If they are correct, you can then call the core's JWT APIs to create a JWT and then send that to the frontend. Verification of the JWT would be standard.
i
Iruizmar
10/27/2022, 7:43 AMOk, I will try that, thanks 🙂
Hey mate @rp , sorry to disturb. How am I supposed to return the JWT to the frontend? Is it necessary to create a custom endpoint to return it? I can't see any function on the frontend SDKs for that.
r
rp
10/27/2022, 11:15 AMOnce you call the sign in core API from your backend, you need to call the JWT creation API to the core as well. That will return a JWT to your backend. Then the backend can send the JWT however it likes on the frontend.
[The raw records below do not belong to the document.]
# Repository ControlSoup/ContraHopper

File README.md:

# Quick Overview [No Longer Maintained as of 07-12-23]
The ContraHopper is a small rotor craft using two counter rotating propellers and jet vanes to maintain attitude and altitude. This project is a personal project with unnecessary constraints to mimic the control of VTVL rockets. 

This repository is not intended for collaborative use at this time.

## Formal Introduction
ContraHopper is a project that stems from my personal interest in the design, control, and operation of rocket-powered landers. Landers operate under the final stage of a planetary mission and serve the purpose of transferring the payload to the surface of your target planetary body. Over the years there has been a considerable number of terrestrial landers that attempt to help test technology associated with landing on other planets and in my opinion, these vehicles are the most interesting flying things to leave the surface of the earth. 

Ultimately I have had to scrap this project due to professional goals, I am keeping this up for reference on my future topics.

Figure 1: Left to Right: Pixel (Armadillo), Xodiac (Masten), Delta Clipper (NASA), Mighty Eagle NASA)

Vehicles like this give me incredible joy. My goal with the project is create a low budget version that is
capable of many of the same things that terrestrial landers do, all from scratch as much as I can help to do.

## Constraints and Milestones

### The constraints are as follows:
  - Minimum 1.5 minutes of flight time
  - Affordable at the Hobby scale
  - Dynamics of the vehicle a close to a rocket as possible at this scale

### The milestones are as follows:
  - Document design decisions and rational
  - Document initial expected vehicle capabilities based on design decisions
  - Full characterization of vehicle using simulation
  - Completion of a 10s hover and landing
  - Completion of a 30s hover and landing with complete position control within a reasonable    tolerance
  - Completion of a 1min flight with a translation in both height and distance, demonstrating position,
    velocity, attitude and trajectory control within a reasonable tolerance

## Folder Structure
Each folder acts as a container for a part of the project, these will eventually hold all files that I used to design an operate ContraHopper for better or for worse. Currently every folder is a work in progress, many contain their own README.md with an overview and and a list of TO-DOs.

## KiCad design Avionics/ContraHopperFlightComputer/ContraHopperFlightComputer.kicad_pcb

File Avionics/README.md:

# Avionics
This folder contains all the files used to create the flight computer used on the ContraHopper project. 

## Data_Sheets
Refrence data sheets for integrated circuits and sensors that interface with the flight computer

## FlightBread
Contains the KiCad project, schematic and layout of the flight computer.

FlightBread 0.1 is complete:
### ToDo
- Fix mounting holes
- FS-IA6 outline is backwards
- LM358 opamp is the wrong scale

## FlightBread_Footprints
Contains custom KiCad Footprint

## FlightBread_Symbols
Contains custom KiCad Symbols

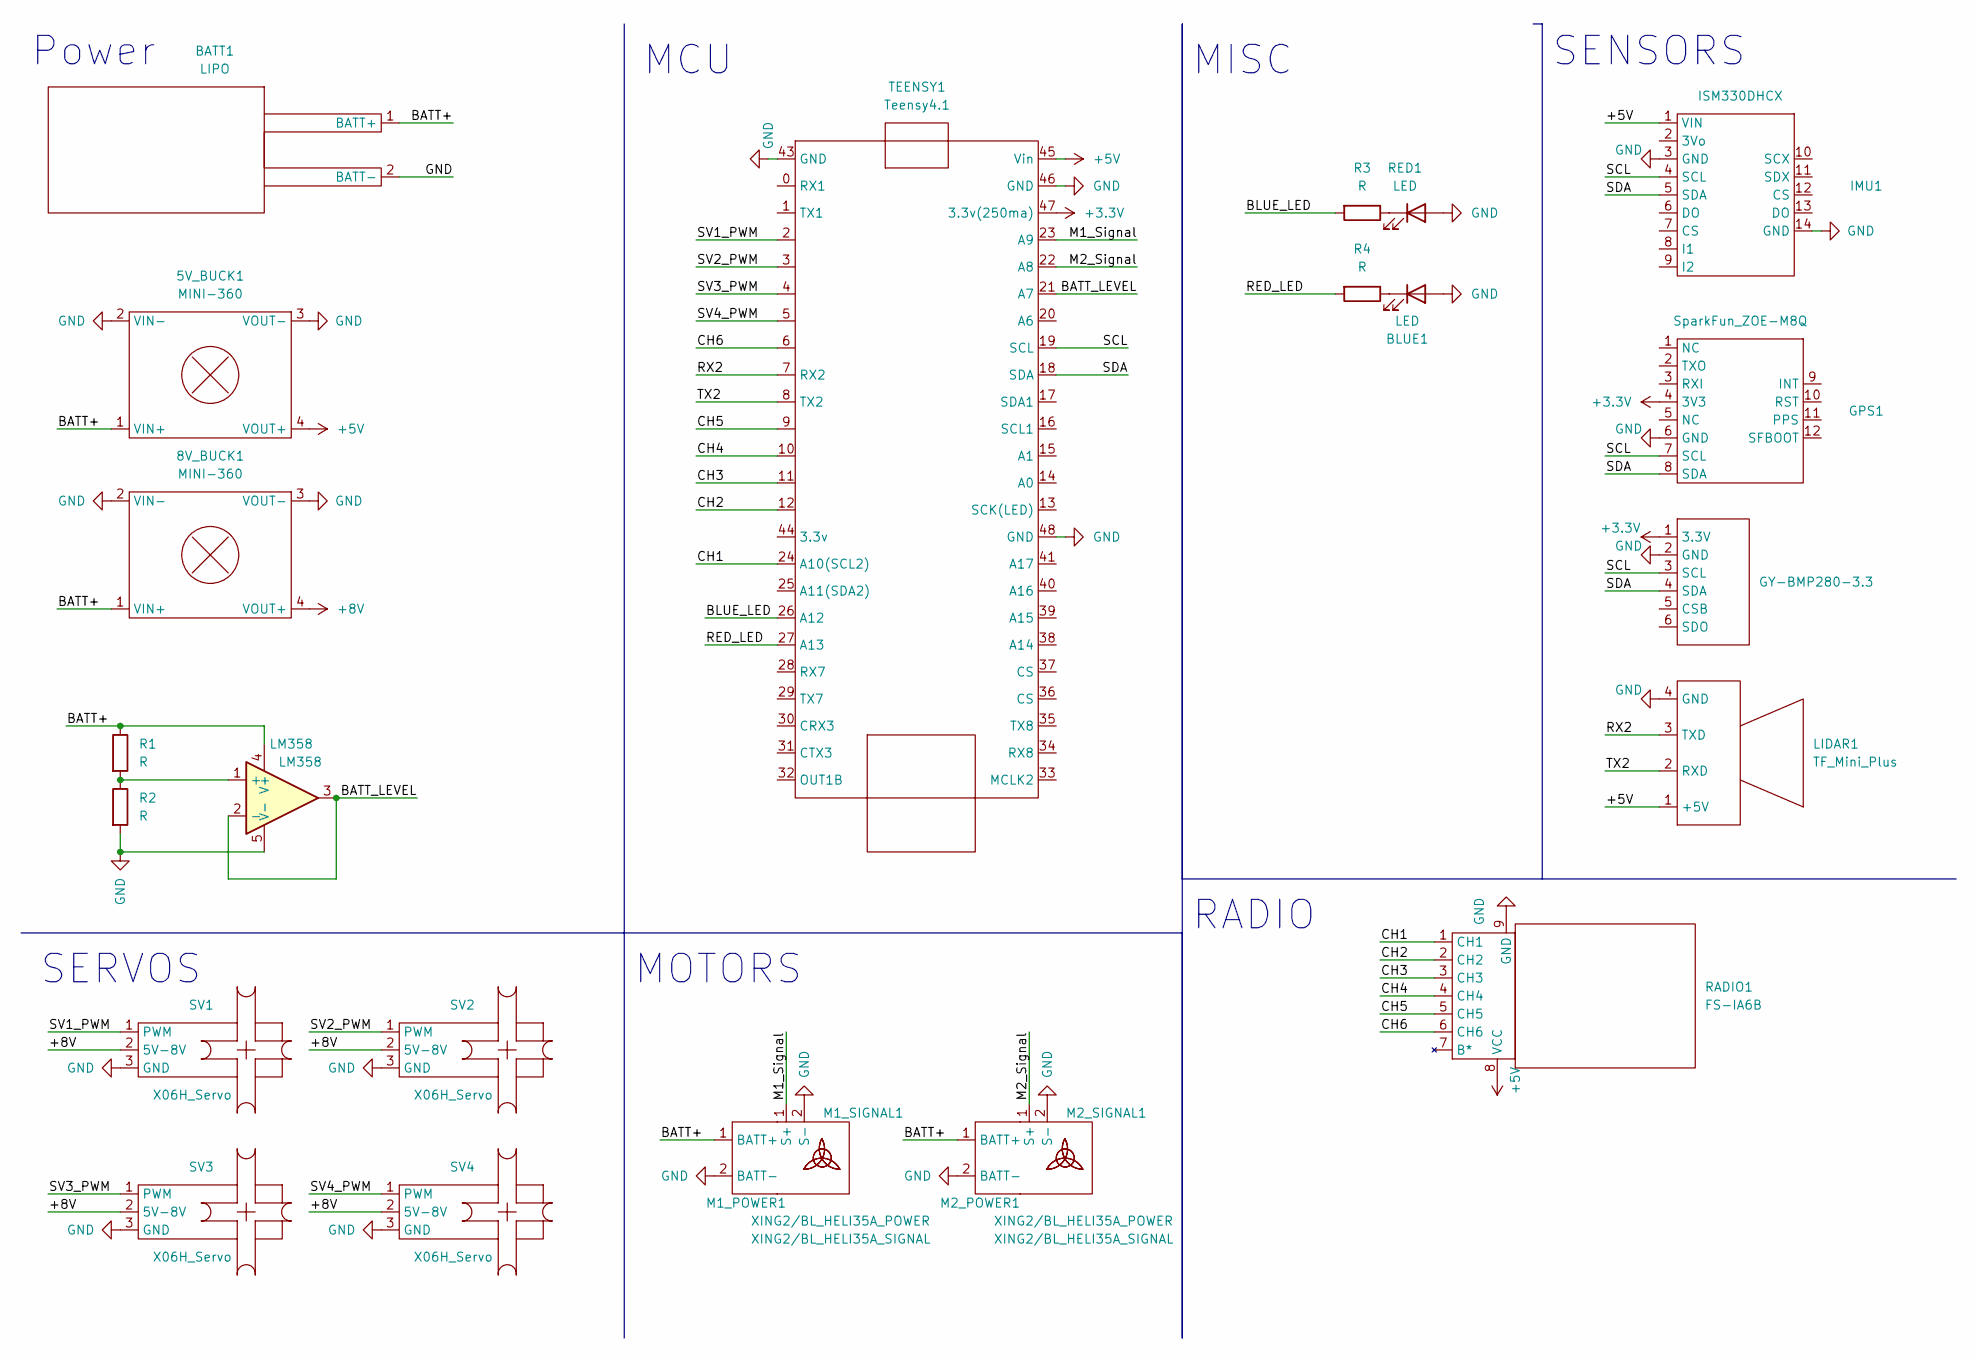
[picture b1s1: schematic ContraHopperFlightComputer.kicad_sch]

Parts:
5V_BUCK1, 8V_BUCK1: MINI-360; MINI_360
BARO1: GY-BMP280-3.3; JST_XH_4pin
BATT1: LIPO; XT60_MOUNT
BLUE1: LED
GPS1: SparkFun_ZOE-M8Q; SparkFun_ZOEM8Q
IMU1: ISM330DHCX
LIDAR1: TF_Mini_Plus; JST_XH_4pin
LM358: LM358
M1_POWER1, M2_POWER1: XING2/BL_HELI35A_POWER; ESC_POWER
M1_SIGNAL1, M2_SIGNAL1: XING2/BL_HELI35A_SIGNAL; JST_XH_2pin
R1, R2, R3, R4: R; pinhole_resistor
RADIO1: FS-IA6B
RED1: LED
SV1, SV2, SV3, SV4: X06H_Servo; JST_XH_3pin
TEENSY1: Teensy4.1

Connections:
+3.3V: BARO1.1 (3.3V), GPS1.4 (3V3), TEENSY1.47 (3.3v(250ma))
+5V: 5V_BUCK1.4 (VOUT+), IMU1.1 (VIN), LIDAR1.1 (+5V), RADIO1.8 (VCC), TEENSY1.45 (Vin)
+8V: 8V_BUCK1.4 (VOUT+), SV1.2 (5V-8V), SV2.2 (5V-8V), SV3.2 (5V-8V), SV4.2 (5V-8V)
/BATT+: 5V_BUCK1.1 (VIN+), 8V_BUCK1.1 (VIN+), BATT1.1 (BATT+), LM358.4 (V+), M1_POWER1.1 (BATT+), M2_POWER1.1 (BATT+), R1.1
/BATT_LEVEL: LM358.2 (-), LM358.3, TEENSY1.21 (A7)
/BLUE_LED: R3.2, TEENSY1.26 (A12)
/CH1: RADIO1.1 (CH1), TEENSY1.24 (A10(SCL2))
/CH2: RADIO1.2 (CH2), TEENSY1.12
/CH3: RADIO1.3 (CH3), TEENSY1.11
/CH4: RADIO1.4 (CH4), TEENSY1.10
/CH5: RADIO1.5 (CH5), TEENSY1.9
/CH6: RADIO1.6 (CH6), TEENSY1.6
/M1_Signal: M1_SIGNAL1.1 (S+), TEENSY1.23 (A9)
/M2_Signal: M2_SIGNAL1.1 (S+), TEENSY1.22 (A8)
/RED_LED: R4.2, TEENSY1.27 (A13)
/RX2: LIDAR1.3 (TXD), TEENSY1.7 (RX2)
/SCL: BARO1.3 (SCL), GPS1.7 (SCL), IMU1.4 (SCL), TEENSY1.19 (SCL)
/SDA: BARO1.4 (SDA), GPS1.8 (SDA), IMU1.5 (SDA), TEENSY1.18 (SDA)
/SV1_PWM: SV1.1 (PWM), TEENSY1.2
/SV2_PWM: SV2.1 (PWM), TEENSY1.3
/SV3_PWM: SV3.1 (PWM), TEENSY1.4
/SV4_PWM: SV4.1 (PWM), TEENSY1.5
/TX2: LIDAR1.2 (RXD), TEENSY1.8 (TX2)
GND: 5V_BUCK1.2 (VIN-), 5V_BUCK1.3 (VOUT-), 8V_BUCK1.2 (VIN-), 8V_BUCK1.3 (VOUT-), BARO1.2 (GND), BATT1.2 (BATT-), BLUE1.2 (A), GPS1.6 (GND), IMU1.3 (GND), IMU1.14 (GND), LIDAR1.4 (GND), LM358.5 (V-), M1_POWER1.2 (BATT-), M1_SIGNAL1.2 (S-), M2_POWER1.2 (BATT-), M2_SIGNAL1.2 (S-), R2.2, RADIO1.9 (GND), RED1.2 (A), SV1.3 (GND), SV2.3 (GND), SV3.3 (GND), SV4.3 (GND), TEENSY1.43 (GND), TEENSY1.46 (GND), TEENSY1.48 (GND)
unnamed: BLUE1.1 (K), R4.1
unnamed: LM358.1 (+), R1.2, R2.1
unnamed: R3.1, RED1.1 (K)

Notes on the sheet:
Power
MOTORS
RADIO
MISC
SERVOS
SENSORS
MCU

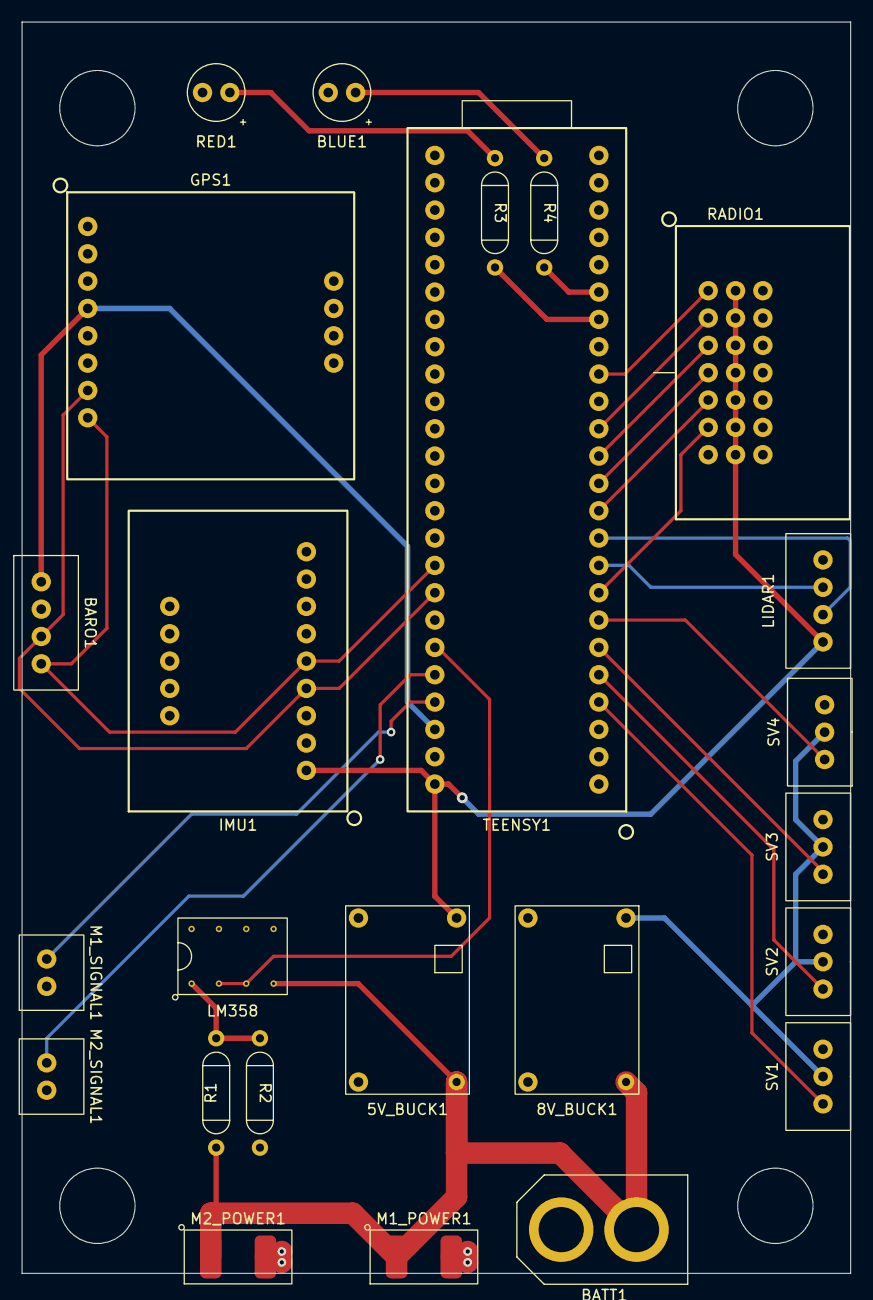
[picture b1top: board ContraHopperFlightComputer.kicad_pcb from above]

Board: 2 copper layers, 77.0 x 116.3 mm, 24 parts (0 on the bottom side), 27 nets.

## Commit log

2022-06-12 BIG CHANGE
2022-06-13 working except dcm
2022-06-14 orthonormalize next
2022-06-24 3rd case still no match
2022-07-12 Progress, but not very directed
2022-07-21 Minor Fixes
2022-07-26 Allocation Update
2022-09-04 Updated File Structure
    File Structures for future
2022-09-05 Files added
    Added the failed impact duration testing, indicates the need for another test stand
2022-09-10 Documentation For Latex
    Documentation Updates
2022-09-11 Master Document, and Landing Leg Completion
2022-09-19 Ready for First Print
    Added some functions to SEF and finished the Tether Truss portion of the Contra Doc
2022-10-02 Grammar Fixes
2022-11-14 Added Flight Software Folder, verified SSH with RASPI
2022-11-19 added some data sheets
2022-11-25 switches to Teensy 4.1, and updating documentation
2022-12-18 switching over to a C version of the simulation
2022-12-18 switched to C for the simulation
2022-12-18 Setup C tasks and linalg dependency
2022-12-18 folder structure
2022-12-20 built a workspace
2022-12-23 playing around with C
2022-12-27 Cleaned up sim, added some basic plotting, but plotting needs improvment
2022-12-27 removed visual studio related files for flight software
2022-12-27 updated Test readme
2022-12-28 Renamed state_vector to state_matrix, added work to Sensors class
2022-12-28 updated formating
2022-12-28 started work on the software sim, currently have not been able to pass a 1d vector back to python
2022-12-28 succesfully passed an array to the flight sim function and back
2022-12-29 switched to a vector format instead of a matrix format, confirmed passing a vector to a C functinos owkrs
2022-12-30 added misc files
2023-01-02 added a start to the multivar kalman, but needed more linear algebra functions) deleted allocation work
2023-01-02 got 3d plotting to work, now does oreintation and position animated
2023-01-02 velocity was not corrected for the body frame
2023-01-02 integration is not working, a 1rad/s for 10s does not result in 10rad
2023-01-02 orthonormalizing a dcm rate is what caused the error
2023-01-03 access error when calling controller function. but format is there
2023-01-03 got position control working in python
2023-01-08 finally found a reliable way to pass double arrays
2023-01-08 updated sensor model
2023-01-08 first pass at a sensor_model
2023-01-08 ajor errors
2023-01-08 sadlt inputs dont work, need to record acceleration in the state..or somthing lol
2023-01-08 first pass a sensor model (kinda sketchy)
2023-01-22 switched over to a basilisk simulation, implemented plotting ect
2023-01-22 udpated readme for archive
2023-01-22 test external force torque functionality
2023-01-30 clean from new desktop
2023-01-30 update for kidcad
2023-01-30 updated kicad files
2023-01-30 kicad fully integrated with git hub
2023-02-20 flight_comptuer_draft_1
2023-02-20 FlightBread_0.1
2023-02-20 Updated general documentation
2023-02-20 readme update
2023-02-25 flight bread and more
2023-02-26 first board print, rushed but I wanna get somthing to start writing the code.....
2023-03-11 added flight bread image
2023-03-12 folder_structure_update
2023-03-13 updated Asoftware with gps and imu, tested on FlightBread, imu works but need antenna for GPS
2024-12-01 re-activation
2024-12-01 updated archive
2024-12-01 gitignore file

Are you using our frontend SDK? If yes, which one?
i
Iruizmar
10/27/2022, 11:16 AMWell, the frontend is written using Kotlin Multiplatform, so I thin I will just attack the API directly.
r
rp
10/27/2022, 11:18 AMright. In that case, you should can pass the JWT to the frontend hjowever you like
since it's your own API on the Kotlin side anyway
i
Iruizmar
10/27/2022, 11:20 AMYeah. So auth service (using NestJs) attacks core API to get a session, then generates a JWT and send it back to the client. All this done on a custom endpoint because there isn't any exposed automatically to do this, right?
r
rp
10/27/2022, 11:20 AMoh wait, you're using nestjs backend?
We have an SDK for node js
i
Iruizmar
10/27/2022, 11:21 AMI'm using nestjs just for the auth service, everything else is Kotlin.
r
rp
10/27/2022, 11:21 AMi see. In that case, the APIs for sign in etc.. are exposed by the nestjs service via our backend SDK
i
Iruizmar
10/27/2022, 11:21 AMI thought that was your suggestion initially, haha.
Yes, but there isn't any to retrieve the JWT, is it?
r
rp
10/27/2022, 11:22 AMYou can enable JWTs in the session recipe -> https://supertokens.com/docs/session/common-customizations/sessions/with-jwt/about
and that will essentially add a JWT to the access token payload of the session which can be read on the frontend
and then passed to the kotlin backend
i
Iruizmar
10/27/2022, 11:24 AMIs the JWT added as a cookie or how? This is what I'm getting using the OTP endpoint.
r
rp
10/27/2022, 11:25 AMyea so it's in the front-token header value. See this page: https://supertokens.com/docs/passwordless/custom-ui/handling-session-tokens, and scroll to the "If not using our frontend SDK" section
you can essentially decode the front-token and get the access token paylaod from it, which will contain the JWT
i
Iruizmar
10/27/2022, 11:27 AMAwesome!!
Thanks for that 🙂 And for the super fast reply.
r
rp
10/27/2022, 11:28 AMhappy to help!
when you say kotlin frontend, do you mean android frontend? Or something else?
or is it a kotlin server just serving plain html / css?
i
Iruizmar
10/27/2022, 11:29 AMUI is done on native Android and native iOS and web, but the domain and network logic of the three apps is shared using Kotlin Multiplatform:
https://kotlinlang.org/docs/multiplatform.html
That's why I would need a "pure" Kotlin SDK, and I'm not using Android's one.
r
rp
10/27/2022, 11:30 AMohh. interesting. I see.
Cool! If you have any more questions, please feel free to ask
i
Iruizmar
10/27/2022, 11:30 AMSure, mate, thanks a lot.